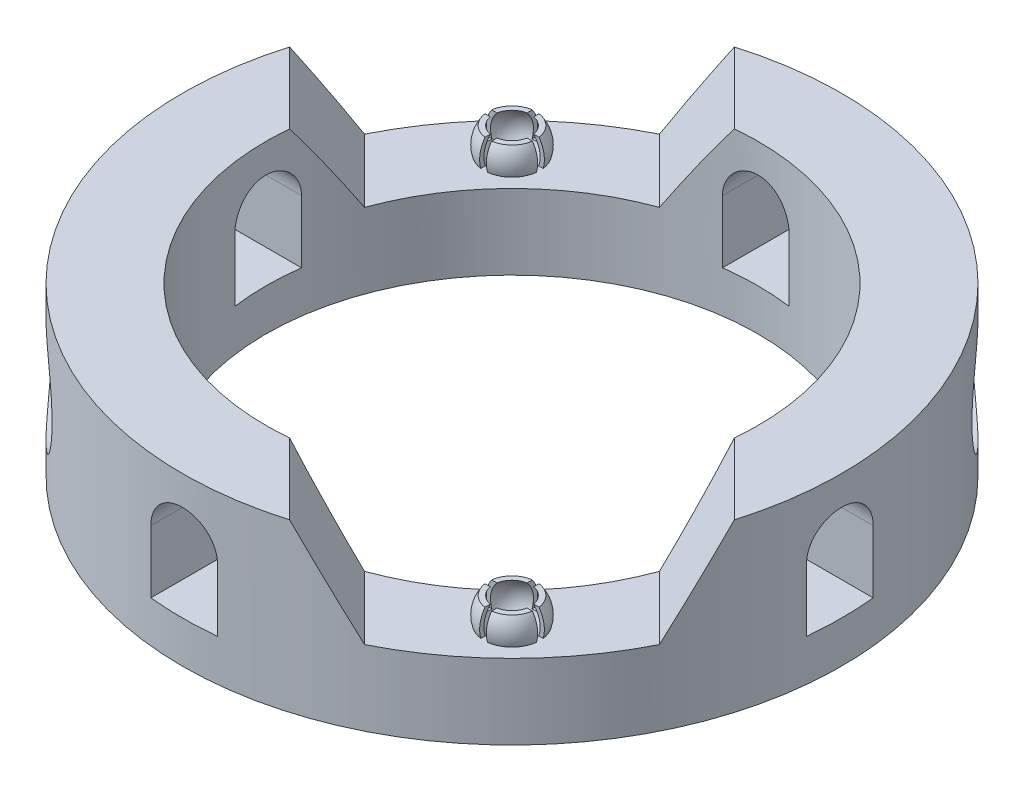
SolidWorks part; units mm, degrees
ref_plane "Front Plane" through (0, 0, 0) normal (0, 0, 1) x (1, 0, 0)
ref_plane "Top Plane" through (0, 0, 0) normal (0, 1, 0) x (1, 0, 0)
ref_plane "Right Plane" through (0, 0, 0) normal (1, 0, 0) x (0, 0, -1)
sketch "Sketch1" plane through (0, 0, 0) normal (0, 1, 0) x (1, 0, 0)
  circle A0 centre (0, 0) radius 29.5
  circle A1 centre (0, 0) radius 39.5
  dimension "D1" = 59
  dimension "D2" = 79
extrude "Boss-Extrude1" add sketch "Sketch1" along normal blind 20
ref_plane "Plane1" through (0, 0, 0) normal (0.7071, 0, -0.7071) x (-0.7071, 0, -0.7071)
sketch "Sketch2" plane through (0, 0, 0) normal (1, 0, 0) x (0, 0, -1)
  line L0 (0, 0) -> (0, 30.0667) construction
  line L1 (4, 5) -> (-4, 5)
  line L2 (-4, 5) -> (-4, 12.5)
  line L3 (4, 5) -> (4, 12.5)
  arc A0 (-4, 12.5) -> (4, 12.5) centre (0, 12.5) cw
  dimension "D6" = 4
  dimension "D1" = 8
  dimension "D2" = 4
  dimension "D3" = 5
  dimension "D4" = 7.5
  dimension "D5" = 7.5
extrude "Cut-Extrude1" cut sketch "Sketch2" against normal through all
extrude "Cut-Extrude2" cut sketch "Sketch2<2>" along normal through all
sketch "Sketch2<2>" plane through (0, 0, 0) normal (1, 0, 0) x (0, 0, -1) same geometry as "Sketch2"
mirror "Mirror1" about plane through (0, 0, 0) normal (0.7071, 0, -0.7071) of "Cut-Extrude2", "Cut-Extrude1"
sketch "Sketch4" plane through (0, 0, 0) normal (0.7071, 0, -0.7071) x (-0.7071, 0, -0.7071)
  line L0 (0, 0) -> (0, 44.1067) construction
  circle A0 centre (0, 10) radius 3.175
  dimension "D1" = 6.35
  dimension "D2" = 10
extrude "Cut-Extrude3" cut sketch "Sketch4" against normal up to next
extrude "Cut-Extrude4" cut sketch "Sketch4<2>" along normal up to next
sketch "Sketch4<2>" plane through (0, 0, 0) normal (0.7071, 0, -0.7071) x (-0.7071, 0, -0.7071) same geometry as "Sketch4"
ref_plane "Plane2" through (0, 0, 0) normal (0.7071, 0, 0.7071) x (0.7071, 0, -0.7071)
sketch "Sketch5" plane through (0, 20, 0) normal (0, 1, 0) x (1, 0, 0)
  line L0 (13.6827, -13.6827) -> (-13.6827, 13.6827) construction
  line L1 (-27.9307, 27.9307) -> (27.9307, -27.9307) construction
  line L2 (25.4558, -28.9914) -> (28.9914, -25.4558)
  line L3 (25.4558, -28.9914) -> (19.799, -23.3345)
  line L4 (28.9914, -25.4558) -> (23.3345, -19.799)
  line L5 (19.799, -23.3345) -> (23.3345, -19.799)
  line L6 (25.4558, -28.9914) -> (23.3345, -19.799) construction
  line L7 (28.9914, -25.4558) -> (19.799, -23.3345) construction
  circle A0 centre (0, 0) radius 39.5 construction
  circle A1 centre (0, 0) radius 29.5 construction
  point P7 (24.3952, -24.3952)
  dimension "D1" = 34.5
  dimension "D2" = 8
  dimension "D3" = 5
extrude "Boss-Extrude2" add sketch "Sketch5" along normal blind 13
sketch "Sketch6" plane through (1.7678, 0, -1.7678) normal (0.7071, 0, -0.7071) x (-0.7071, 0, -0.7071)
  line L0 (-38.5, 33) -> (-38.5, 20) construction
  line L1 (-38.5, 33) -> (-30.5, 33) construction
  line L2 (-30.5, 33) -> (-30.5, 20) construction
  line L4 (-38.5, 28) -> (-38.5, 33)
  line L8 (-38.5, 33) -> (-30.5, 33)
  line L9 (-30.5, 33) -> (-30.5, 28)
  arc A0 (-38.5, 28) -> (-30.5, 28) centre (-34.5, 28) cw
  dimension "D3" = 4
  dimension "D1" = 4
  dimension "D2" = 5
extrude "Cut-Extrude7" cut sketch "Sketch6" against normal up to next
sketch "Sketch7" plane through (1.7678, 0, -1.7678) normal (0.7071, 0, -0.7071) x (-0.7071, 0, -0.7071)
  circle A0 centre (-34.5, 28) radius 1
  dimension "D1" = 2
extrude "Cut-Extrude8" cut sketch "Sketch7" against normal up to next
ref_plane "Plane3" through (27.9307, 0, -27.9307) normal (0.7071, 0, -0.7071) x (-0.7071, 0, -0.7071)
sketch "Sketch8" plane through (27.9307, 0, -27.9307) normal (0.7071, 0, -0.7071) x (-0.7071, 0, -0.7071)
  circle A0 centre (0, 10) radius 6.35
  dimension "D1" = 12.7
extrude "Cut-Extrude9" cut sketch "Sketch8" against normal blind 1
mirror "Mirror3" about plane through (0, 0, 0) normal (0.7071, 0, -0.7071) of "Cut-Extrude9"
ref_plane "Plane4" through (0, 0, 0) normal (0.7071, 0, -0.7071) x (-0.7071, 0, -0.7071)
ref_plane "Plane5" through (0, 10, 0) normal (0, 1, 0) x (1, 0, 0)
ref_axis "Ball Join Axis" through (-41.2502, 10, -41.2502) along (0.7071, 0, 0.7071)
sketch "Sketch9" plane through (0, 20, 0) normal (0, 1, 0) x (1, 0, 0)
  line L3 (-17.6234, 26.1087) -> (-21.9323, 30.4175)
  line L4 (-26.1087, 17.6234) -> (-30.4175, 21.9323)
  line L5 (-41.2502, 41.2502) -> (45.8258, -45.8258) construction
  arc A0 (-17.6234, 26.1087) -> (-26.1087, 17.6234) centre (0, 0) ccw
  arc A1 (-21.9323, 30.4175) -> (-30.4175, 21.9323) centre (0, 0) ccw
  dimension "D3" = 37.5
  dimension "D4" = 31.5
  dimension "D1" = 6
  dimension "D2" = 6
extrude "Cut-Extrude11" cut sketch "Sketch9" against normal blind 15 contours A1 L4 A0 L3
sketch "Sketch10" plane through (0, 0, 0) normal (0.7071, 0, 0.7071) x (0.7071, 0, -0.7071)
  circle A0 centre (0, 10) radius 1.5
  dimension "D2" = 3
  dimension "D1" = 0
extrude "Cut-Extrude12" cut sketch "Sketch10" against normal blind 40
ref_plane "Plane8" through (0, 35, 0) normal (0, 1, 0) x (1, 0, 0)
sketch "Sketch15" plane through (0, 35, 0) normal (0, 1, 0) x (1, 0, 0)
  line L0 (-17.6564, 35.3341) -> (-10.0556, 27.7333)
  line L1 (-35.3341, 17.6564) -> (-27.7333, 10.0556)
  line L2 (10.0556, -27.7333) -> (17.6564, -35.3341)
  line L3 (27.7333, -10.0556) -> (35.3341, -17.6564)
  line L4 (-41.2502, 41.2502) -> (45.8258, -45.8258) construction
  arc A0 (17.6564, -35.3341) -> (35.3341, -17.6564) centre (0, 0) ccw
  arc A1 (-10.0556, 27.7333) -> (-27.7333, 10.0556) centre (0, 0) ccw
  arc A2 (-17.6564, 35.3341) -> (-35.3341, 17.6564) centre (0, 0) ccw
  arc A3 (10.0556, -27.7333) -> (27.7333, -10.0556) centre (0, 0) ccw
  dimension "D2" = 79
  dimension "D3" = 12.5
  dimension "D5" = 29.5
  dimension "D1" = 12.5
  dimension "D4" = 0
  dimension "0" = 0
extrude "Boss-Extrude3" add sketch "Sketch15" against normal through all contours A3 L2 A0 L3 | A1 L1 A2 L0 region at (23.8265, 35, 23.8265)
ref_plane "Plane9" through (0, 9, 0) normal (0, -1, 0) x (-1, 0, 0)
extrude "Cut-Extrude14" cut sketch "Sketch15<5>" against normal up to surface (26 mm away) contours A3 L2 A0 L3 | A2 L1 A1 L0 region at (23.8265, 35, 23.8265) up to plane "Plane9"
sketch "Sketch15<5>" plane through (0, 35, 0) normal (0, 1, 0) x (1, 0, 0) same geometry as "Sketch15"
ref_plane "Plane10" through (0, 10, 0) normal (0, 1, 0) x (1, 0, 0)
sketch "Sketch17" plane through (0, 10, 0) normal (0, 1, 0) x (1, 0, 0)
  line L5 (-41.2502, 41.2502) -> (45.8258, -45.8258) construction
  point P0 (-24.3952, 24.3952)
  point P1 (24.3952, -24.3952)
  dimension "D1" = 34.5
  dimension "D2" = 0
  dimension "D3" = 0
  dimension "D4" = 34.5
sketch "Sketch18" plane through (0, 10, 0) normal (0, 1, 0) x (1, 0, 0)
  line L0 (-24.3952, 27.8952) -> (-24.3952, 20.8952)
  line L1 (24.3952, -20.8952) -> (24.3952, -27.8952)
  arc A0 (-24.3952, 20.8952) -> (-24.3952, 27.8952) centre (-24.3952, 24.3952) ccw
  arc A1 (24.3952, -27.8952) -> (24.3952, -20.8952) centre (24.3952, -24.3952) ccw
revolve "Cut-Revolve1" cut sketch "Sketch18" angle 360 about L0 region at (-22.9097, 10, -24.3952)
revolve "Cut-Revolve2" cut sketch "Sketch18<3>" angle 360 about L1 region at (25.8806, 10, 24.3952)
sketch "Sketch18<3>" plane through (0, 10, 0) normal (0, 1, 0) x (1, 0, 0) same geometry as "Sketch18"
chamfer "Chamfer2" distance 11 angle 30 2 edges at (-31.5337, 20, -13.856) (13.856, 20, 31.5337) first distance on face at (-31.5337, 14.5, -13.856) first distance on face at (13.856, 14.5, 31.5337)
chamfer "Chamfer3" distance 11 angle 30 2 edges at (31.5337, 20, 13.856) (-13.856, 20, -31.5337) first distance on face at (31.5337, 14.5, 13.856) first distance on face at (-13.856, 14.5, -31.5337)
sketch "Sketch21" plane through (0, 0, 0) normal (0.7071, 0, -0.7071) x (-0.7071, 0, -0.7071)
  line L0 (-34.5, 13.5) -> (-34.5, 13)
  line L1 (-34.5, 7) -> (-34.5, 6.5)
  arc A0 (-34.5, 6.5) -> (-34.5, 13.5) centre (-34.5, 10) ccw
  arc A1 (-34.5, 7) -> (-34.5, 13) centre (-34.5, 10) ccw
  dimension "D1" = 3.5
revolve "Revolve1" add sketch "Sketch21" angle 360 about L0
ref_plane "Plane11" through (0, 12, 0) normal (0, 1, 0) x (1, 0, 0)
sketch "Sketch24" plane through (0, 12, 0) normal (0, 1, 0) x (1, 0, 0)
  circle A0 centre (24.3952, -24.3952) radius 3.5
  dimension "D1" = 0
extrude "Cut-Extrude15" cut sketch "Sketch24" along normal through all
sketch "Sketch26" plane through (0, 12, 0) normal (0, 1, 0) x (1, 0, 0)
  line L0 (23.9952, -24.7952) -> (23.9952, -27.8952)
  line L1 (20.9181, -23.9952) -> (23.9952, -23.9952)
  line L3 (20.9181, -24.7952) -> (23.9952, -24.7952)
  line L6 (23.9952, -20.9181) -> (23.9952, -23.9952)
  line L7 (23.9952, -27.8952) -> (24.7952, -27.8952)
  line L8 (24.7952, -20.9181) -> (24.7952, -23.9952)
  line L9 (24.7952, -23.9952) -> (27.8723, -23.9952)
  line L10 (24.7952, -24.7952) -> (24.7952, -27.8952)
  line L11 (24.7952, -24.7952) -> (27.8723, -24.7952)
  arc A2 (24.7952, -20.9181) -> (23.9952, -20.9181) centre (24.3952, -24.3952) ccw
  arc A3 (20.9181, -23.9952) -> (20.9181, -24.7952) centre (24.3952, -24.3952) ccw
  arc A4 (27.8723, -24.7952) -> (27.8723, -23.9952) centre (24.3952, -24.3952) ccw
  arc A5 (23.9952, -27.8952) -> (24.7952, -27.8952) centre (24.3952, -24.3952) ccw
  point P4 (24.3952, -27.8952)
  point P5 (27.8952, -24.3952)
  point P12 (20.8952, -24.3952)
  point P14 (24.3952, -20.8952)
  circle M10 centre (24.3952, -24.3952) radius 2.2361
  circle M11 centre (24.3952, -24.3952) radius 2.8723
  dimension "D1" = 7
  dimension "D6" = 0.4
  dimension "D2" = 7
  dimension "D3" = 3.5
  dimension "D4" = 0.8
  dimension "D5" = 0.4
  dimension "D7" = 0.8
  dimension "D8" = 3.5
extrude "Cut-Extrude18" cut sketch "Sketch26" against normal up to surface (3 mm away) contours L1 A3 L3 M11 | L3 L1 M11 M10 | L10 L11 L9 L8 L6 L1 L3 L0 M10 | L8 L6 M11 M10 | L8 A2 L6 M11 | L11 L9 M10 M11 | L11 A4 L9 M11 | L10 L0 L7 M11 | L10 L0 M10 M11 region at (24.3952, 12, 24.3952) region at (24.3952, 12, 26.9387) region at (21.8517, 12, 24.3952) region at (24.3952, 12, 27.5766) region at (21.2175, 12, 24.3952) region at (26.9387, 12, 24.3952) region at (24.3952, 12, 21.8517) region at (27.5728, 12, 24.3952) region at (24.3952, 12, 21.2175) up to face at (24.3952, 9, 21.0411)
ref_plane "Plane12" through (0, 0, 0) normal (0.7071, 0, 0.7071) x (0.7071, 0, -0.7071)
mirror "Mirror5" about plane through (0, 0, 0) normal (0.7071, 0, 0.7071) of "Cut-Extrude18", "Revolve1", "Cut-Extrude15"

- - - -

» WHAT IS BEING ASKED: Each line of the records that holds the word "mirror" should be copied out.

» TASK OUTPUT:
mirror "Mirror1" about plane through (0, 0, 0) normal (0.7071, 0, -0.7071) of "Cut-Extrude2", "Cut-Extrude1"
mirror "Mirror3" about plane through (0, 0, 0) normal (0.7071, 0, -0.7071) of "Cut-Extrude9"
mirror "Mirror5" about plane through (0, 0, 0) normal (0.7071, 0, 0.7071) of "Cut-Extrude18", "Revolve1", "Cut-Extrude15"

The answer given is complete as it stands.